I totally agree with all the above and have been exposed to all those noises (except the race motorcycle) but I'll add 4 years in the field artillery, 30 years of helicopters, and 15 years of being a firearms instructor. I think I've had enough noise in my life! Although I will have an engine noise app on my phone and when I give people a ride for the first time it'll be fun to have it on for the first mile or so then turn it off. I think it will demonstrate how truly nice a silence can be, plus it will be interesting to see the reaction from people who think the engine "died" but the car still accelerates.


----------



## Ken Voss (Feb 2, 2017)

See the image of a yellow car on the left? That is a 500HP supercharged ICE with straight side pipes. When I want to make noise I will take that out for a joy ride.

One of the EV features that appeals to me is silence. The M3 will be a daily driver, I will be getting 18" wheels in part because they will generate less road noise. No thank you, I am not interested in introducing any additional noise


----------



## Sandy (Jun 3, 2017)

Mike Land said:


> I totally agree with all the above and have been exposed to all those noises (except the race motorcycle) but I'll add 4 years in the field artillery, 30 years of helicopters, and 15 years of being a firearms instructor. I think I've had enough noise in my life! Although I will have an engine noise app on my phone and when I give people a ride for the first time it'll be fun to have it on for the first mile or so then turn it off. I think it will demonstrate how truly nice a silence can be, plus it will be interesting to see the reaction from people who think the engine "died" but the car still accelerates.


Cool! Oh ya, I forgot about the firearm noise. I do double plug at the range however.


----------



## 3V Pilot (Sep 15, 2017)

Sandy said:


> Cool! Oh ya, I forgot about the firearm noise.

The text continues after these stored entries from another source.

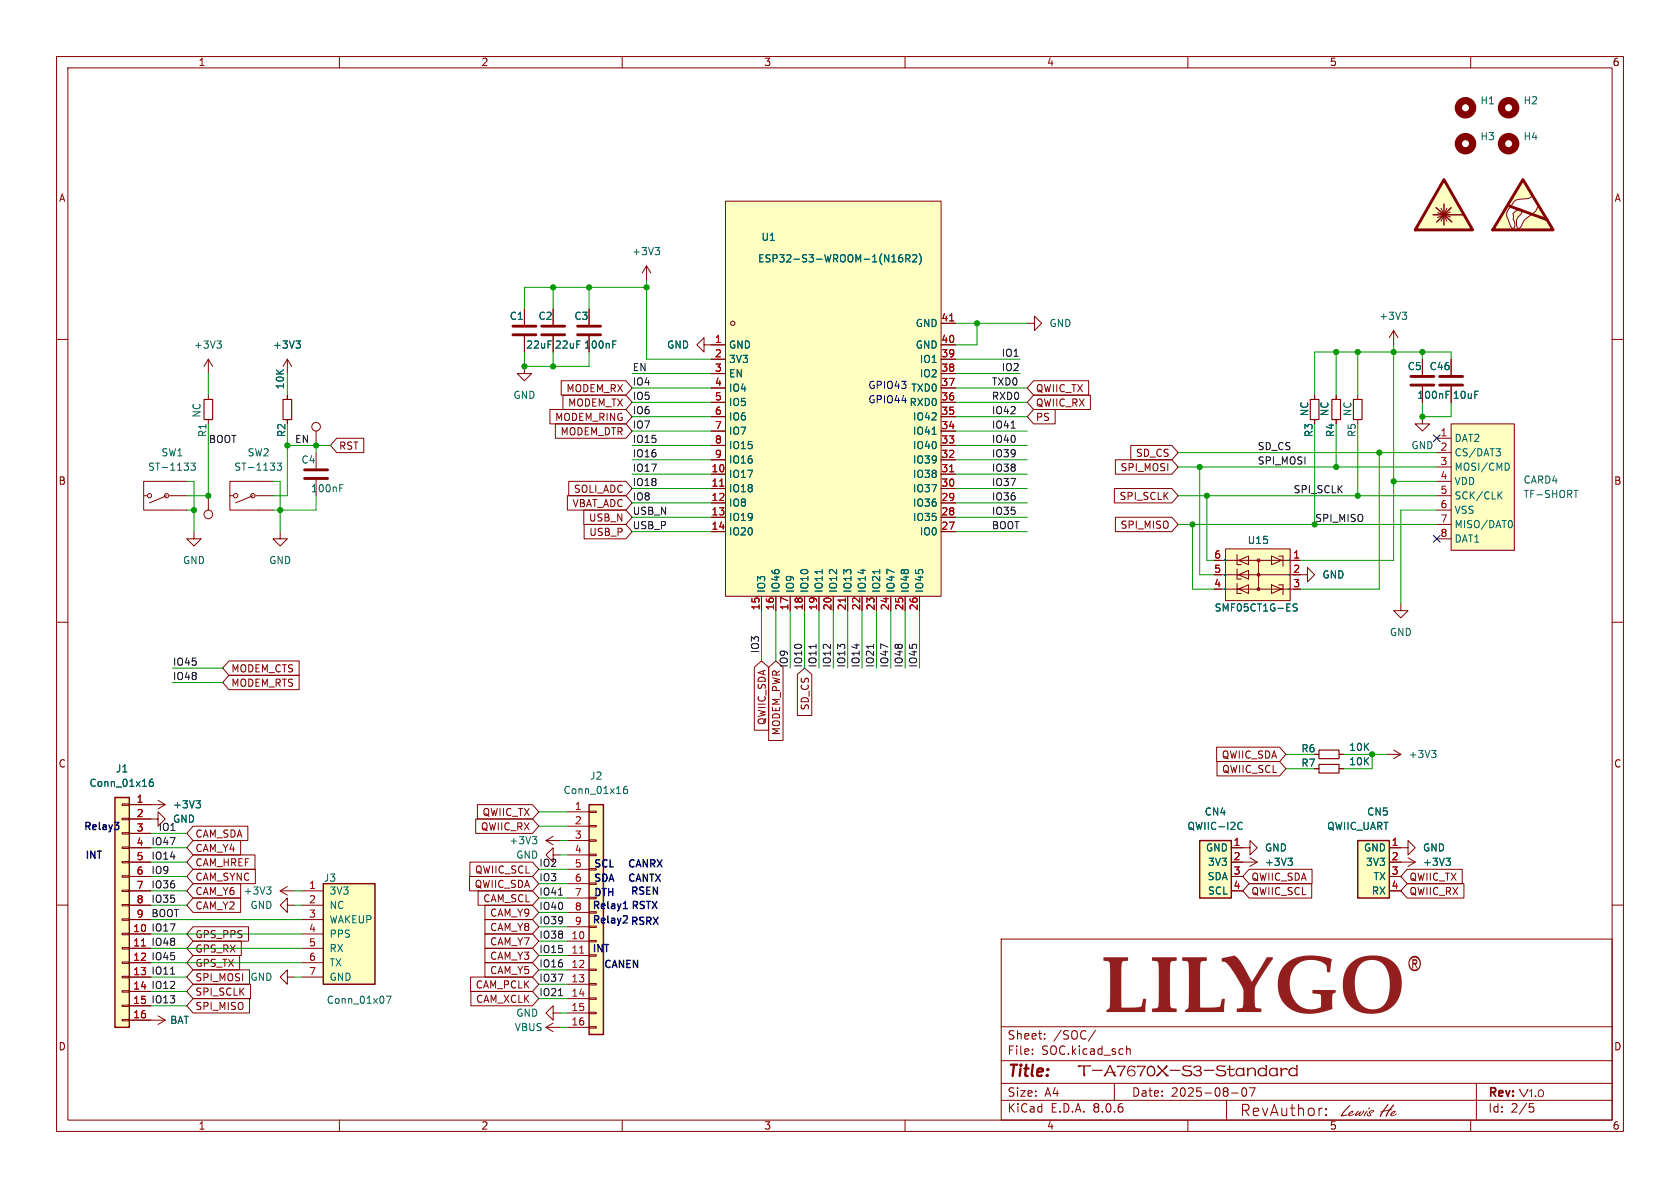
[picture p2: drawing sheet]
<svg xmlns="http://www.w3.org/2000/svg" width="297mm" height="210mm" viewBox="0 0 297 210" stroke-linecap="round" stroke-linejoin="round" font-family="sans-serif">
<g fill="none" stroke="#840000" stroke-width=".18">
<path d="M10 10h277v190h-277zM12 12h273v186h-273zM60 10v2M110 10v2M160 10v2M210 10v2M260 10v2M10 60h2M285 60h2M10 110h2M285 110h2M10 160h2"/>
<path d="M285 160h2M177 166h108v32h-108zM60 198v2M110 198v2M160 198v2M177 194.5h108M177 191.5h108M177 187.5h108M177 181.5h108M182.5 186.3v.1M182.5 185.5v.1M184.7 183.6v.1"/>
<path d="M184.7 182.8v.1M197 191.5v3M210 198v2M216.8 194.5v3.6M217.7 193.2h1.2M219.7 192.4a1 1 0 0 0 .2 1.4 .81 .81 0 0 0 .6-.6 .81 .81 0 0 0-.3-.8M221.9 192.3l-.7 1.5M233.6 195.9h.2M234.4 197l.1 .1-.1 .1M234.4 197l-.1 .1 .1 .1M234.4 196v.2M234.4 197v.2"/>
<path d="M234.4 196l.1 .1-.1 .1M234.4 196l-.1 .1 .1 .1M260 198v2M261 191.5v6.5M270.5 195.7h.4l.3 .3-.2 .5-.5 .1"/>
</g>
<path d="M249.4 169.3a1.12 1.12 0 0 1 1.3-.1 1.12 1.12 0 0 1 .5 1.3 1.12 1.12 0 0 1-1.2 1.2 1.12 1.12 0 0 1-1-1.4h.2a.95 .95 0 0 0 1.1 1.1 .95 .95 0 0 0 .6-1.5 .89 .89 0 0 0-1-.6 .89 .89 0 0 0-.7 1h-.2v-.4z" fill="#840000"/>
<path d="M256.5 74.9h11.2v22.4h-11.2z" fill="#ffffc2"/>
<path d="M254 77.5h2.5M256.5 74.9h11.2v22.4h-11.2zM254 80h2.5M254 82.6h2.5M254 85.1h2.5M254 87.6h2.5M254 90.2h2.5M254 92.7h2.5M254 95.3h2.5" fill="none" stroke="#840000" stroke-width=".18"/>
<path d="M264.5 79.3h.8l-.5 .5M265 79.8l.3 .2v.3l-.3 .3M265 87.5l.6 .7M265.6 86.9l-.8 .8M266.6 81.9l.2 .5-.2 .7M267.1 92a.79 .79 0 0 1 0 1.3M278.2 86.7h.8" fill="none" stroke="#006464" stroke-width=".18"/>
<path d="M216.7 97h11.4v9.2h-11.4z" fill="#ffffc2"/>
<g fill="none" stroke="#840000" stroke-width=".18">
<path d="M114.3 47l-.8 1.3M114.3 47v2.5M114.3 47l.8 1.3M50.8 69.9v.7M50.8 74.2v.7M92.7 64.8v1.2h1.3l-1.3 1.3-1.3-1.3h1.3M232.4 69.9v.7M232.4 74.2v.7M236.2 69.9v.7M236.2 74.2v.7M240 69.9v.7M240 74.2v.7"/>
<path d="M215.9 99.1h14M216.7 97h11.4v9.2h-11.4zM218.7 98v1.8h.8M218.9 99.1l1.8-.8v1.5zM222.2 99l.3-.2 .3 .2-.3 .3-.3-.2M222.5 99.1v5M224.8 98.3l1.8 .8-1.8 .7zM226.1 98.3h.7v1.8M215.9 101.6h13.2M215.9 104.1h12.7M218.7 103.1v1.8h.8M218.7 100.6v1.8h.8"/>
<path d="M218.9 104.1l1.8-.7v1.5zM218.9 101.6l1.8-.8v1.6zM222.3 104.1l.2-.2 .2 .2-.2 .3-.2-.2M224.8 103.4l1.8 .7-1.8 .8zM226.1 103.4h.7v1.8M232.4 133.4h.8M236.7 133.4h.8"/>
<circle cx="222.5" cy="101.6" r=".25"/>
</g>
<g fill="none" stroke="#006464" stroke-width=".18">
<path d="M115.8 43.8h.8l-.4 .4M116.4 44.2l.2 .3v.3l-.2 .2M216.5 99v.1M216.5 99h.1M216.5 99l.1 .1M227.9 99v.1M228 99v.1M216.5 101.6h.1M216.5 104.1h.1M216.6 101.6h.1M216.6 101.6h-.1M227.9 101.6h.1"/>
<path d="M227.9 104.1h.1M229.3 106.8h-.5l-.2 .2 .1 .3 .6 .2v.4l-.2 .1h-.5"/>
</g>
<circle cx="266.7" cy="25.4" r="1.27" fill="none" stroke="#840000" stroke-width="1.3"/>
<path d="M50 70.6h1.6v3.6h-1.6zM231.6 70.6h1.6v3.6h-1.6zM235.5 70.6h1.5v3.6h-1.5zM239.3 70.6h1.5v3.6h-1.5zM233.2 132.6h3.5v1.5h-3.5z" fill="none" stroke="#840000" stroke-width=".2"/>
<path d="M128.3 35.6h38.1v69.8h-38.1z" fill="#ffffc2"/>
<g fill="none" stroke="#840000" stroke-width=".18">
<path d="M128.3 35.6h38.1v69.8h-38.1zM166.4 57.2h2.5M181.6 57.2h1.3v-1.3l1.2 1.3-1.2 1.2v-1.2M50.8 63.5l-.8 1.3M50.8 63.5v2.5M50.8 63.5l.8 1.3M125.7 61h2.6M125.7 63.5h2.6M125.7 66h2.6M125.7 78.7h2.6M125.7 76.2h2.6M125.7 73.7h2.6"/>
<path d="M125.7 71.1h2.6M125.7 68.6h2.6M166.4 61h2.5M166.4 63.5h2.5M166.4 66h2.5M166.4 78.7h2.5M166.4 76.2h2.5M166.4 73.7h2.5M166.4 71.1h2.5M166.4 68.6h2.5M251.5 73.7v1.2h1.2l-1.2 1.3-1.3-1.3h1.3M55.9 80v2.8"/>
<path d="M55.9 84.8v2.8M125.7 83.8h2.6M125.7 86.4h2.6M125.7 88.9h2.6M125.7 91.4h2.6M125.7 94h2.6M125.7 81.3h2.6M166.4 83.8h2.5M166.4 86.4h2.5M166.4 88.9h2.5M166.4 91.4h2.5M166.4 94h2.5"/>
<path d="M166.4 81.3h2.5M134.6 105.4v2.6M137.2 105.4v2.6M139.7 105.4v2.6M142.2 105.4v2.6M144.8 105.4v2.6M147.3 105.4v2.6M149.9 105.4v2.6M152.4 105.4v2.6M154.9 105.4v2.6M157.5 105.4v2.6M160 105.4v2.6"/>
<path d="M162.6 105.4v2.6M49.5 157.5l1.3 .7M49.5 157.5h2.6M50.8 156.7l-1.3 .8M97.8 179.1v-1.3l-1.3 1.3 1.3 1.2v-1.2h1.3"/>
<circle cx="129.5" cy="57.2" r=".38"/>
</g>
<path d="M167.9 56.7h.7M127.2 85.9h.8M167.9 83.4h.7M149.4 105.7v.7" fill="none" stroke="#a90000" stroke-width=".18"/>
<g fill="none" stroke="#006464" stroke-width=".18">
<path d="M159.5 45l-.4 .1a.86 .86 0 0 0 0 1.2l.4-.1 .1-.4-.2-.3-.4 .1-.1 .2M160.1 45.7l.6-.1 .2-.1-.1-.3-.7-.2v1.3M160.4 45.7l.5 .6M161.4 45.2l.4-.2 .3 .4-.8 .9h.8M162.5 44.8a1.46 1.46 0 0 1 0 2M52.3 60.3h.8l-.4 .5M52.9 60.8l.2 .2v.3l-.2 .2M164.8 76.8h.7M60.1 86.3h.4M60.1 85.7h.6M145.4 100.7v.7M155.5 100.7v.7"/>
<path d="M47.1 156.8h.8l-.4 .5M47.7 157.3l.2 .2v.3l-.2 .3"/>
</g>
<g fill="none" stroke="#840000" stroke-width="1.3">
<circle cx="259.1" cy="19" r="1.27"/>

I do double plug at the range however.


Yes, inner ear plugs and outer ear muff with electronics are a great way to go. Very similar to the new helmets we just got, they have ANR built in and supposedly you don't need inner ear protection anymore. However I still wear my inner ear protection AKA headphones, because hey, it's the best way to make sure my music is not interrupted by those pesky traffic calls from ATC!


----------



## 3V Pilot (Sep 15, 2017)

Ken Voss said:


> See the image of a yellow car on the left? That is a 500HP supercharged ICE with straight side pipes. When I want to make noise I will take that out for a joy ride.
> 
> One of the EV features that appeals to me is silence. The M3 will be a daily driver, I will be getting 18" wheels in part because they will generate less road noise. No thank you, I am not interested in introducing any additional noise


Kenn, that thing is TOO cool. You need to post a video of how much noise that engine can make. Just one question, is it strictly a straight line car or will that thing actually go around a corner without flipping over?


----------



## nikola3 (Aug 29, 2017)

EVfusion said:


> During HUD discussions early this year there was a post showing a HUD app that did exactly what you want PLUS showed analogue dash mimicking the vehicle chosen.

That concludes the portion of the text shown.